The 256 universes in one dimension
An elementary cellular automaton is the simplest possible computation that produces complex behavior. One dimension. Two states — black or white. A rule that looks at each cell and its two neighbors: three bits in, one bit out. Eight possible neighborhoods means eight binary outputs, which means 28 = 256 possible rules. That is the entire space.
Some rules die to uniformity. Some produce repetition. Some produce randomness indistinguishable from noise. And a few — Rule 110 is the canonical example — produce structured complexity sufficient to be Turing complete. The boundary between order and chaos is where computation lives.
The deepest lesson of cellular automata is not that simple rules produce complex behavior — though they do.
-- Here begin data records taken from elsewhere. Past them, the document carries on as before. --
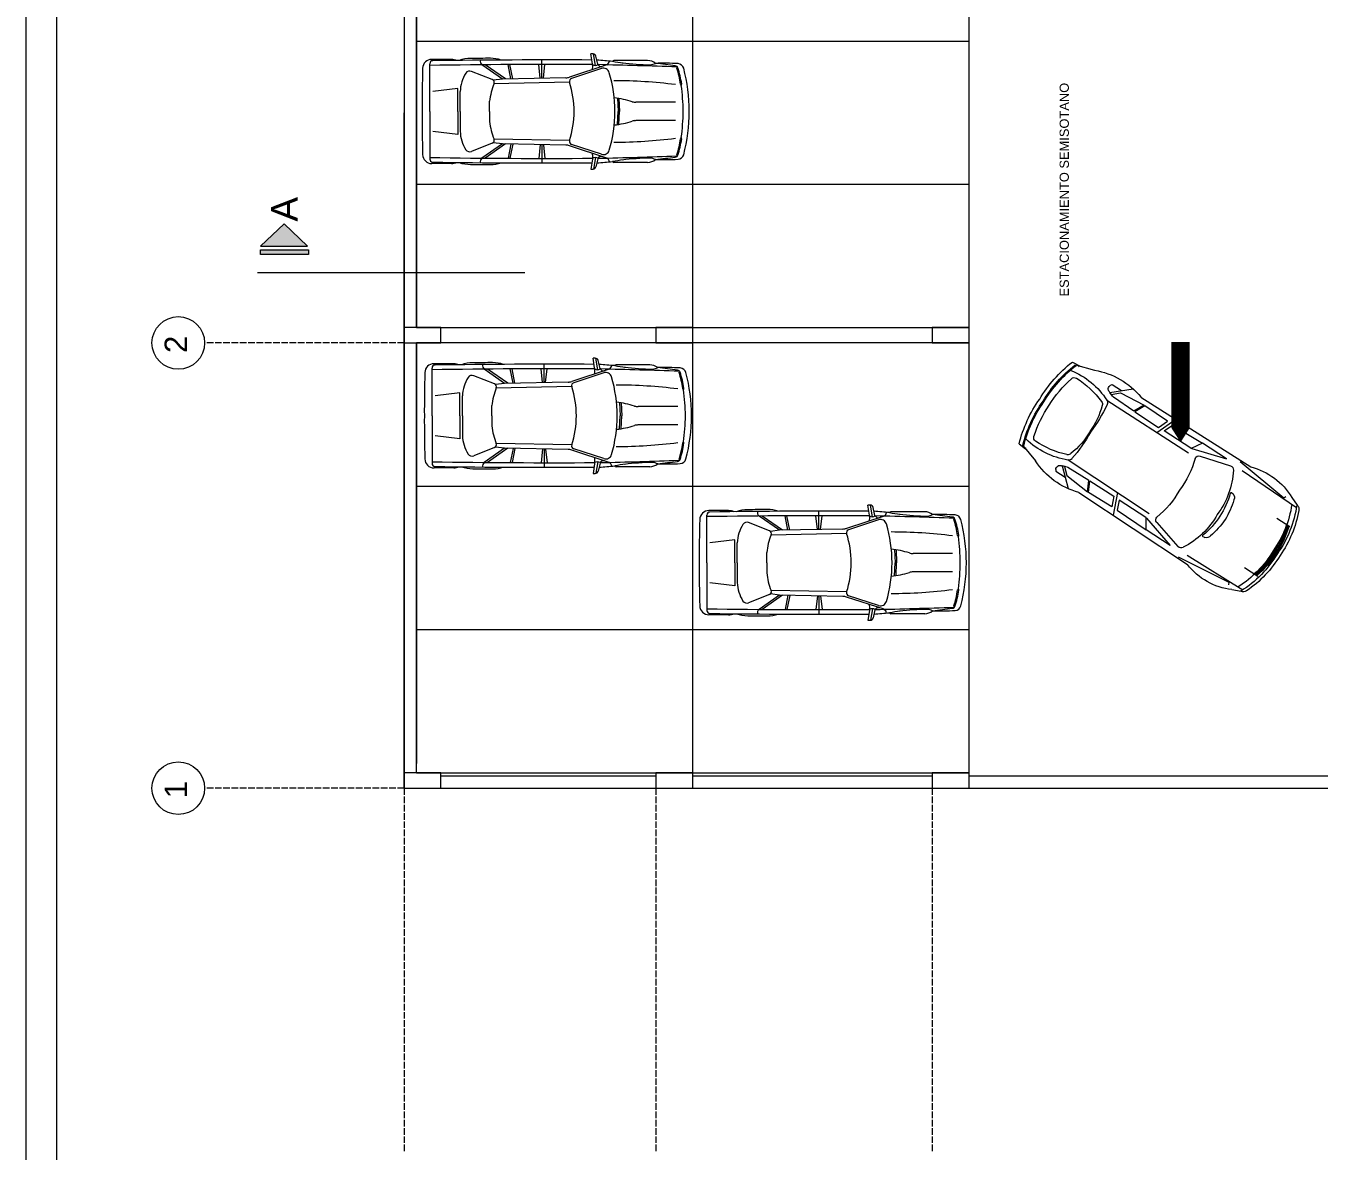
# Model space of a CAD drawing. Header units: metres. Extents: x -2 to 3328848, y -2 to 2725060.
# Drawn here: x 1662729.4 to 1662940, y 1361871.1 to 1362054.3 of the extents above; entities that cross this region are included whole.
import ezdxf
from ezdxf.enums import TextEntityAlignment as Align

# ---------------------------------------------------------------- set-up
doc = ezdxf.new("R2010")
doc.units = ezdxf.units.M
doc.linetypes.add('ACAD_ISO02W100', pattern=[15, 12, -3])
doc.linetypes.add('DOT', pattern=[0.25, 0, -0.25])
doc.layers.get('0').update_dxf_attribs({"color": 253, "lineweight": 0})
for name, color, linetype, lineweight in [('AUTOS', 253, 'Continuous', 0), ('COLUMNA', 253, 'Continuous', 0), ('L.COLUMNA', 253, 'Continuous', 0), ('letra', 253, 'DOT', 0), ('NOFIJO', 253, 'Continuous', 0), ('SIMBOLOGIA', 253, 'Continuous', 0)]:
    doc.layers.add(name, color=color, linetype=linetype, lineweight=lineweight)
doc.layers.add('CAJETIN', color=7, linetype='Continuous', lineweight=0, true_color=0x000000)
doc.styles.get("Standard").update_dxf_attribs({"font": 'arial.ttf'})

# ---------------------------------------------------------------- blocks, each defined once
blk = doc.blocks.new('*U96')
for points in [[(-594, 0), (0, 0), (0, 420), (-594, 420)], [(-589, 5), (-5, 5), (-5, 415), (-589, 415)]]:
    blk.add_lwpolyline(points, close=True)
at = {"lineweight": 30, "flags": 104}
blk.add_attdef('NOMBRE_PROYECTO', text='', height=5, dxfattribs=at).set_placement((-165, 63.27), align=Align.TOP_LEFT)
for tag, p in [('PROMOTOR', (-133.74, 41.5)), ('SITUACION', (-133.74, 34.5)), ('AUTOR', (-133.74, 27.5)), ('1/X', (-133.74, 20.5)), ('XX/XX/XXXX', (-80.02, 20.5)), ('V.X', (-25.12, 20.5)), ('NOMBRE_PLANO', (-133.74, 13.5)), ('X', (-25.12, 13.48))]:
    blk.add_attdef(tag, text='', height=3.5).set_placement(p, align=Align.MIDDLE_LEFT)
blk = doc.blocks.new('AUTO2')
for p, q in [((-127.8, 58.6), (-104.6, 65.8)), ((-74.2, 53.3), (-53.1, 72.4)), ((-63.2, 59.9), (-31.1, 63)), ((-39.7, 69.2), (118.8, 70.8)), ((-31.1, 63), (-37.4, 50.2)), ((0, 43.7), (10.4, 69.8)), ((104.3, 69.1), (172.7, 61.2)), ((172.7, 61.2), (174.1, 64)), ((180.8, 66.8), (191.2, 62.4)), ((-132.7, 59.4), (-123, 60.2)), ((-123.4, 59), (-123, 60.2)), ((-78.4, 61), (-77.3, 62.8)), ((-77.3, 62.8), (-63.7, 62.8)), ((-74.2, 53.3), (-75.1, 53.5)), ((-69, 51.3), (-74.2, 53.3)), ((-71.6, 52.3), (-63.2, 59.9)), ((-37.4, 50.2), (-67.3, 50.9)), ((-29.9, 62.8), (-36.2, 50.2)), ((-36.2, 50.2), (-1.5, 49.9)), ((3.4, 62), (-29.9, 62.8)), ((-1.5, 49.9), (3.4, 62)), ((6.6, 50.2), (11.2, 61.7)), ((45.1, 50.2), (6.6, 50.2)), ((11.2, 61.7), (53.7, 62.8)), ((53.7, 62.8), (45.8, 50.2)), ((53.7, 62.8), (45.8, 50.2)), ((46.5, 50.4), (88.5, 62.8)), ((88.5, 62.8), (53.7, 62.8)), ((59.8, 48.2), (97.2, 58.6)), ((112.2, 61.2), (192.1, 59.6)), ((-72.2, 43.3), (45.9, 44)), ((116.7, 31.9), (118.5, 31.5)), ((179.1, 35.9), (198.2, 35.9)), ((-72.2, -43.3), (45.9, -44)), ((0, -43.7), (10.4, -69.8)), ((116.7, -31.9), (118.5, -31.5)), ((179.1, -35.9), (198.2, -35.9)), ((-132.7, -59.4), (-123, -60.2)), ((-127.8, -58.6), (-104.6, -65.8)), ((-123.4, -59), (-123, -60.2)), ((-78.4, -61), (-77.3, -62.8)), ((-77.3, -62.8), (-63.7, -62.8)), ((-74.2, -53.3), (-75.1, -53.5)), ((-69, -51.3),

It is that for many systems, there exists no shortcut to their future states. You cannot predict the 1000th row of Rule 30 without computing all 999 rows before it. The rule is 8 bits. The output is incompressible. The only way to know what happens is to run it.
Wolfram calls this computational irreducibility. Some systems are their own fastest simulation. No external observer, however powerful, can outpace the system itself. Prediction requires computation at least as expensive as the process being predicted. The universe, in this view, is not following a blueprint — it is performing an irreducible computation, and the result is what we call time.
The 256 rules are a complete census of one-dimensional, two-state, nearest-neighbor universes. Most are boring. A few are profound. The boundary between them is not gradual.